We have created and killed many gods over the centuries. When we discover that one god doesn’t serve our purpose we kill it by depriving it of attention. One after another the gods disappeared from our mind. But somehow, with one duly slayed comes another to replace it. Sometimes, a god brings a partner as a security-blanket. India alone has 330 millions of them.

The world doesn’t lack gods. We may lack resources, land or space. We may lack talent, skills and innovation. We may lack love, tolerance and understanding. But we never lacked gods. They are everywhere.

Alfred North Whitehead defines religion as, “What a man does with his solitariness.” And as long as we are alone and lonely, our mind will scour for gods with a vengeance. This search will never cease because the mystery will never be lifted. The atheist may call it delusional but they are somewhat guilty of it too. They are forgetting that they are also in this search together with us. Although they are searching for god-alternatives to explain this mystery, under the pristine name of science, their search is no less faith-driven than ours.

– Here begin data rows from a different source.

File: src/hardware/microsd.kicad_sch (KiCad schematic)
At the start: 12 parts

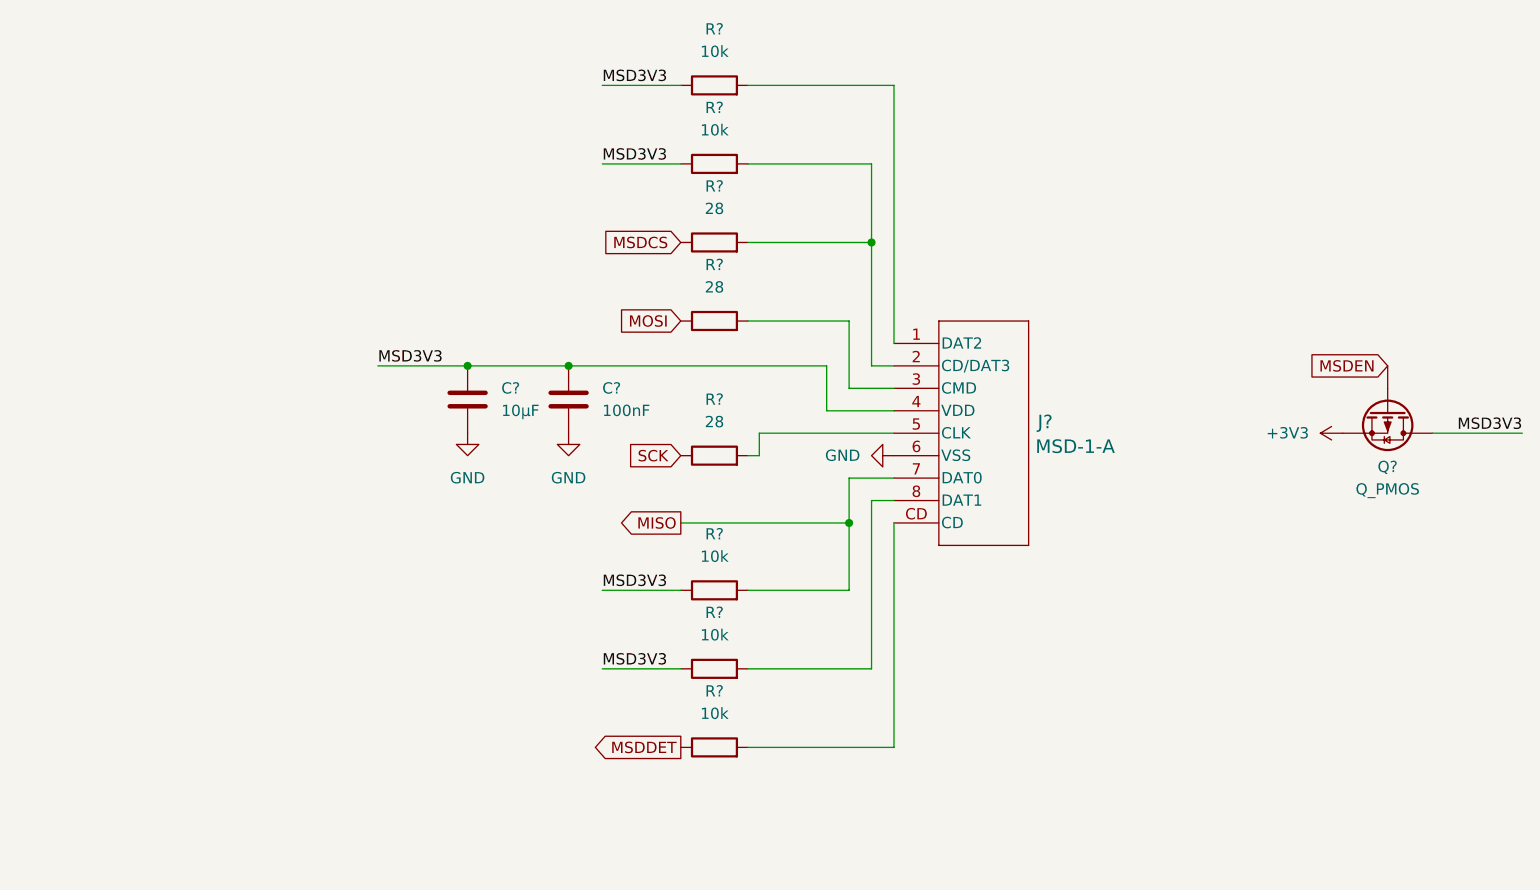
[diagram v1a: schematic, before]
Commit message: Replaced schematics, 3d models and footprints. Added vibration motor.
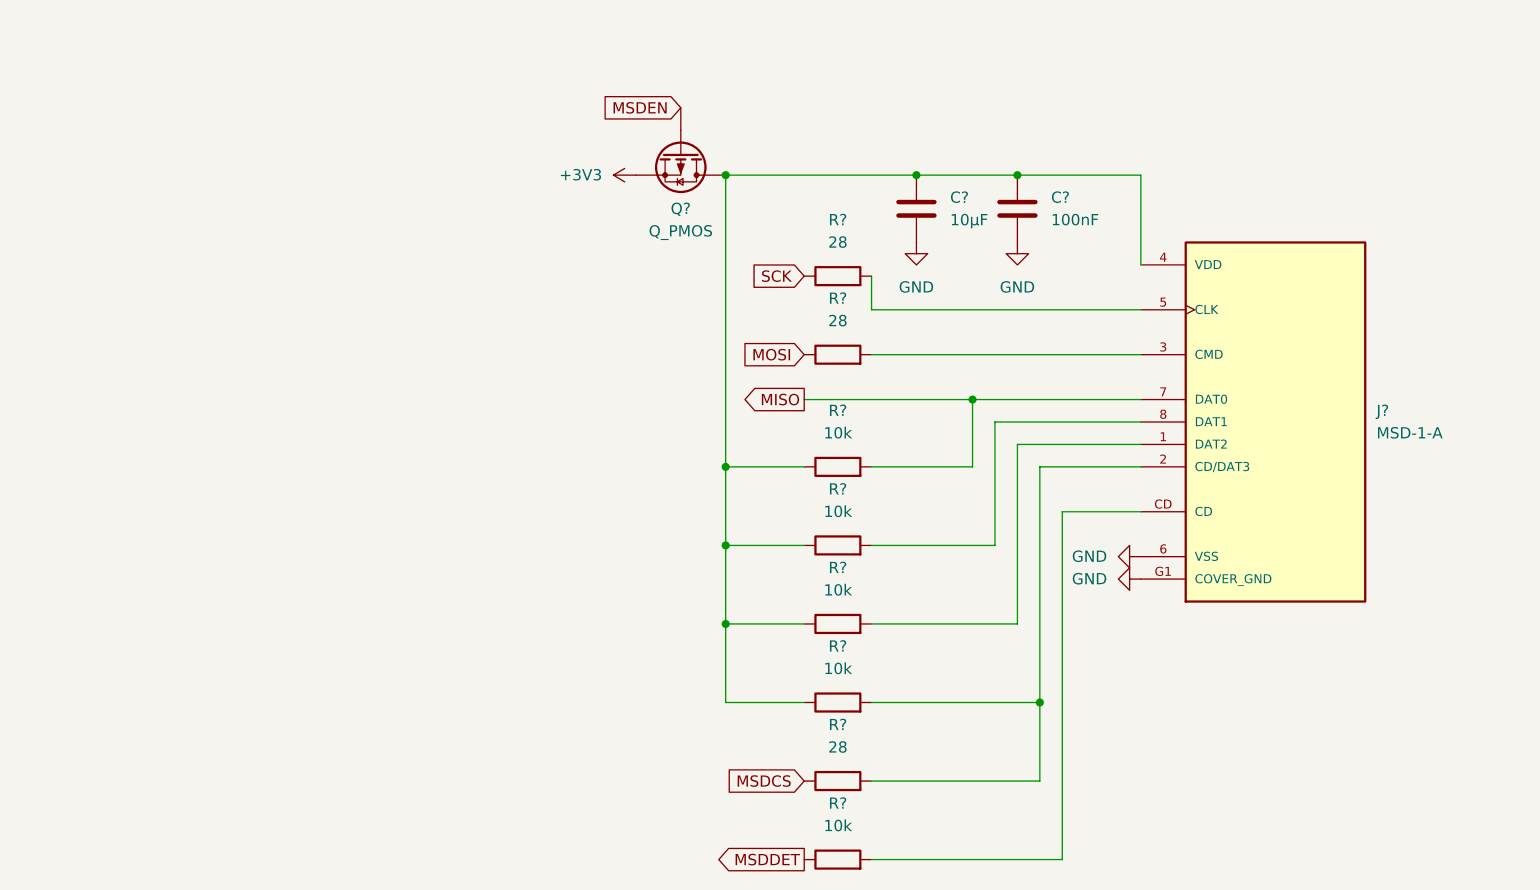
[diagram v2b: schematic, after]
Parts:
- removed J?: MSD-1-A, CONN9_MSD-1_CUD, symbol MSD-1-A:MSD-1-A
- added J?: MSD-1-A, MSD-1-A:CUI_MSD-1-A, symbol MSD-1-A:MSD-1-A
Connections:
- net MISO: now also J?.7 (DAT0)
- net at R?.2: now also J?.1 (DAT2)
- net at R?.2, R?.2: now also J?.2 (CD/DAT3)
- net at R?.2: now also J?.3 (CMD)
- net at R?.2: now also J?.5 (CLK)
- net at R?.2: now also J?.8 (DAT1)
- net at R?.2: now also J?.CD
- net GND renamed COVER_GND
- net COVER_GND: now also J?.6 (VSS), J?.G1 (COVER_GND), J?.G2 (COVER_GND), J?.G3 (COVER_GND), J?.G4 (COVER_GND)
- net MSD3V3: no longer names the net of C?.1, C?.1, Q?.D, R?.1, R?.1, R?.1, R?.1
- net MSD3V3: now also J?.4 (VDD)
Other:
- moved on the sheet: C?, Q?, R?

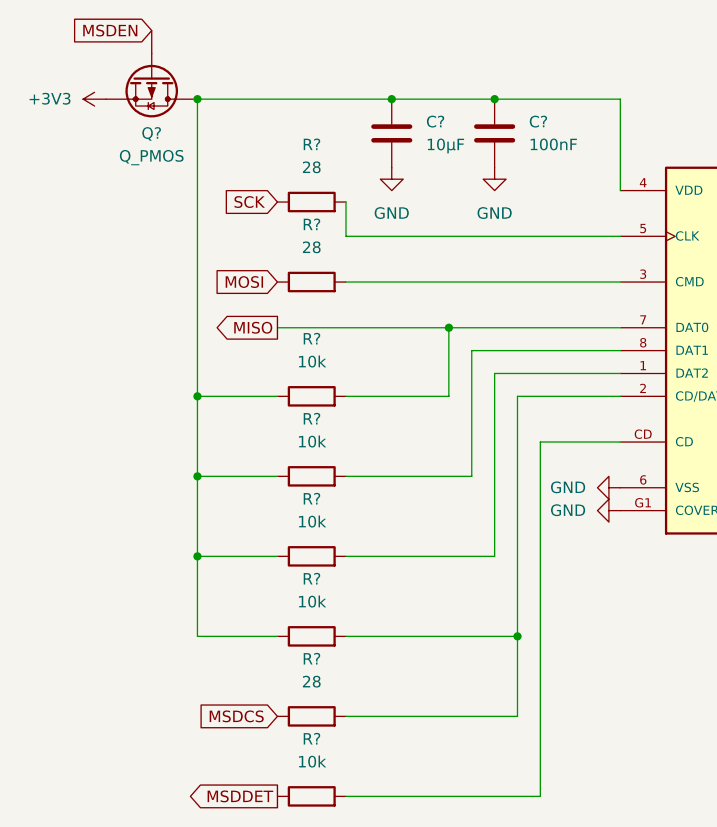
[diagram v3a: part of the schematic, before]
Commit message: Added Accelerometer Clock; Cleanup & Fixes
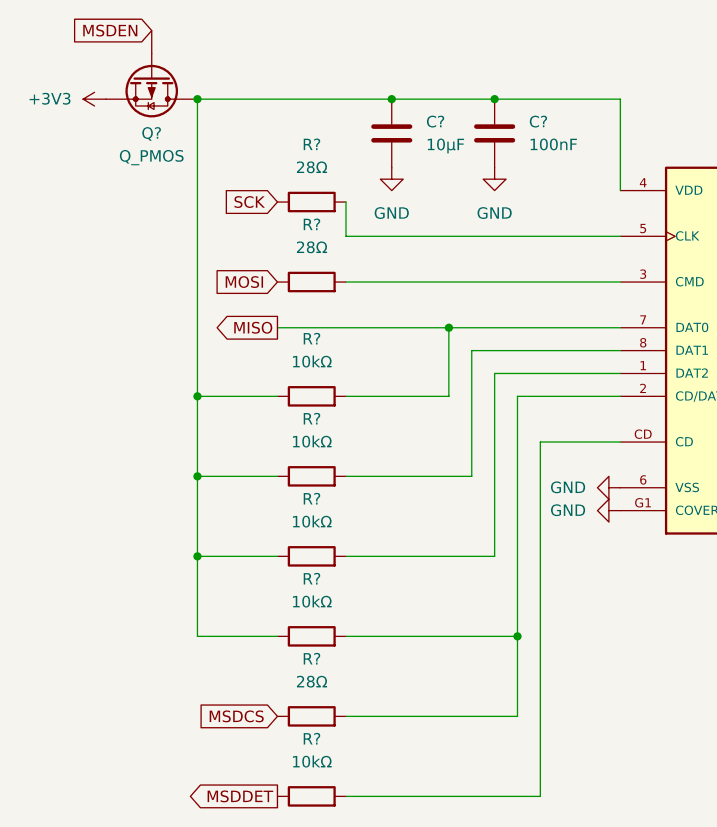
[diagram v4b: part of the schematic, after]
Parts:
- R? (x5): value 10k -> 10kΩ
- R? (x3): value 28 -> 28Ω
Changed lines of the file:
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@@
 			)
 		)
-		(property "Value" "10k"
+		(property "Value" "10kΩ"
 			(at 134.62 116.84 90)
 			(effects
@@
 			)
 		)
-		(property "Value" "10k"
+		(property "Value" "10kΩ"
 			(at 134.62 143.51 90)
 			(effects
@@
 			)
 		)
-		(property "Value" "10k"
+		(property "Value" "10kΩ"
 			(at 134.62 107.95 90)
 			(effects
@@
 			)
 		)
-		(property "Value" "28"
+		(property "Value" "28Ω"
 			(at 134.62 86.36 90)
 			(effects
@@
 			)
 		)
-		(property "Value" "10k"
+		(property "Value" "10kΩ"
 			(at 134.62 125.73 90)
 			(effects
@@
 			)
 		)
-		(property "Value" "10k"
+		(property "Value" "10kΩ"
 			(at 134.62 99.06 90)
 			(effects
@@
 			)
 		)
-		(property "Value" "28"
+		(property "Value" "28Ω"
 			(at 134.62 134.62 90)
 			(effects
@@
 			)
 		)
-		(property "Value" "28"
+		(property "Value" "28Ω"
 			(at 134.62 77.47 90)
 			(effects

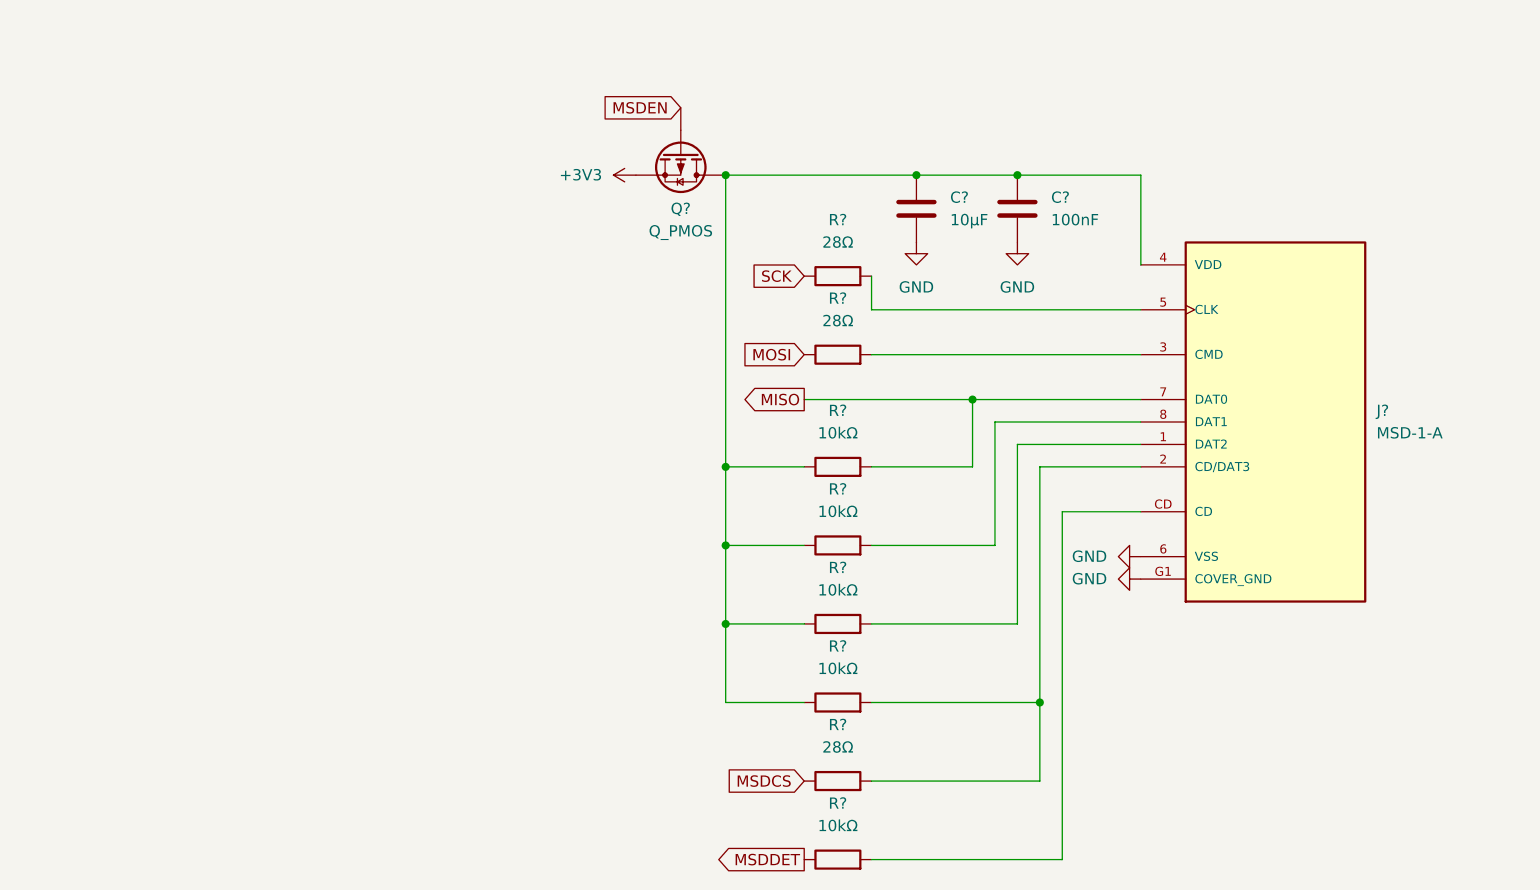
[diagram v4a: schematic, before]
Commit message: Cleanup & Fixes; Added footprints; Removed Light sensors
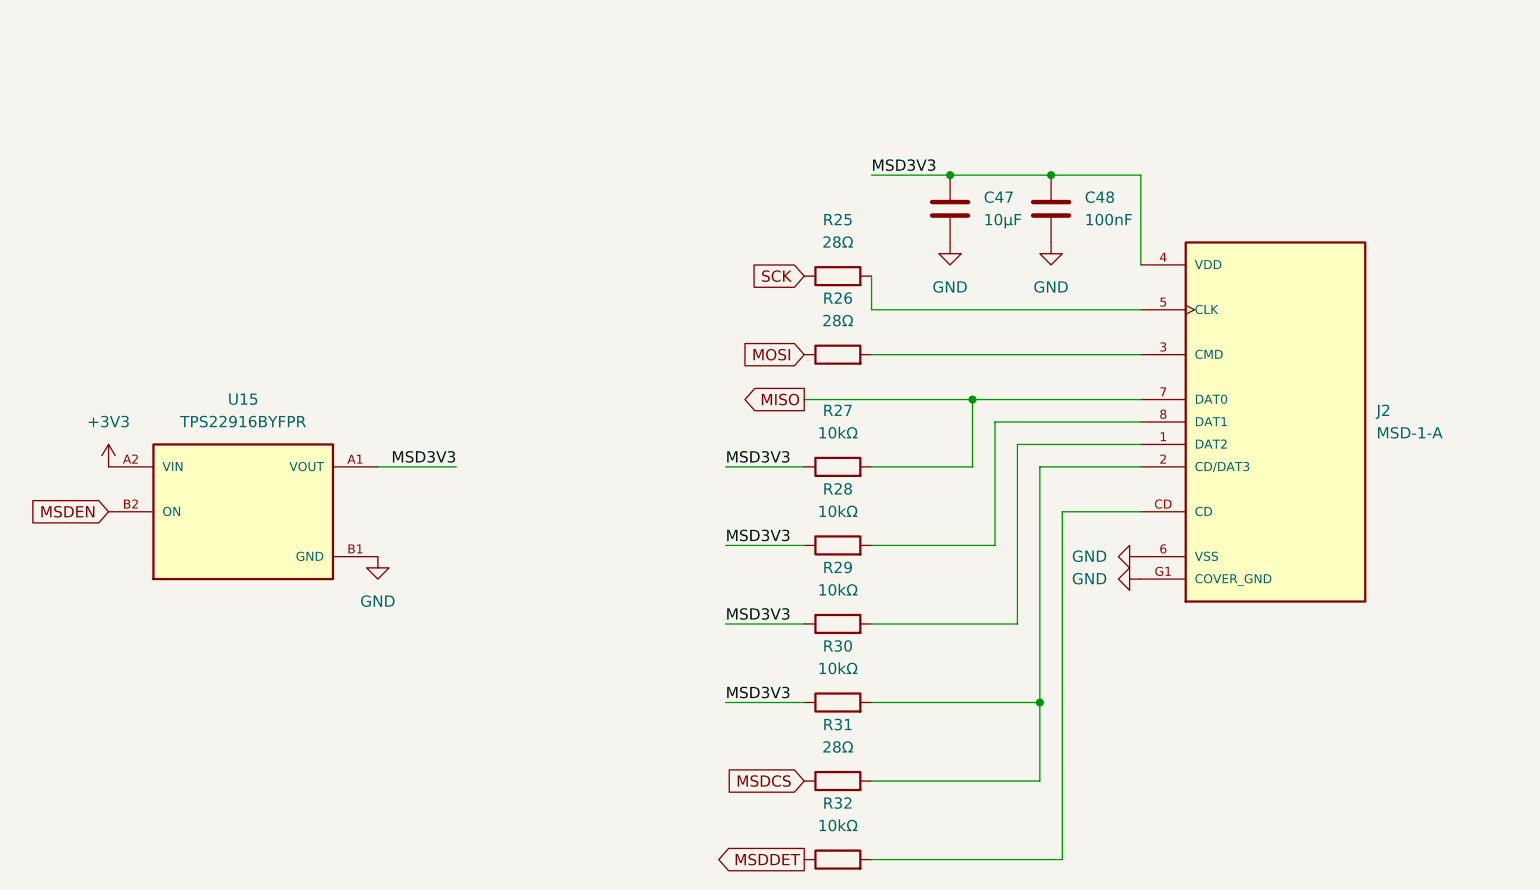
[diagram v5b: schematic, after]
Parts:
- removed Q?: Q_PMOS, symbol Device:Q_PMOS
- added U15: TPS22916BYFPR, Project:IC_TPS22916BYFPR, symbol TPS22916BYFPR:TPS22916BYFPR
- C47, C48: renamed from C?; footprint (none) -> Capacitor_SMD:C_0603_1608Metric
- J2: renamed from J?; footprint MSD-1-A:CUI_MSD-1-A -> Project:CUI_MSD-1-A
- R25, R26, R27, R28, R29, R30, R31, R32: renamed from R?; footprint (none) -> Resistor_SMD:R_0603_1608Metric
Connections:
- net +3V3: now also U15.A2 (VIN)
- net COVER_GND: now also U15.B1 (GND)
- net MSDEN: now also U15.B2 (ON)
- net MSD3V3: now reaches C47.1, C48.1, J2.4 (VDD), R27.1, R28.1, R29.1, R30.1
- net MSD3V3: now also U15.A1 (VOUT)
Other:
- moved on the sheet: C47, C48

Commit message: Cleanup & Fixes; Changed GPIO; Added Camera; Added Microphone
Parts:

And as far as humanity is concerned, theists, atheists or agnostics alike, we are bonded together by this common pursuit. It is very much our raison d’etre. In this life, we search desperately for many things; happiness, success, fame, power, love and utopia. But the search for god or god-alternatives will be our main preoccupation; and for many, their undying devotion. And because we are never at peace with just the present, the mysteries of both our past and future will haunt our minds all the way to our graves. Ironically, and without prejudice to our search for the Truth, it was Voltaire who once said that if there were no God, it would have been necessary to invent him.

So, Nietzsche has got it so wrong that god is dead and we have killed him. If anything, it would be more accurate to say, with apology, that he is dead and the gods are very much alive. Cheerz.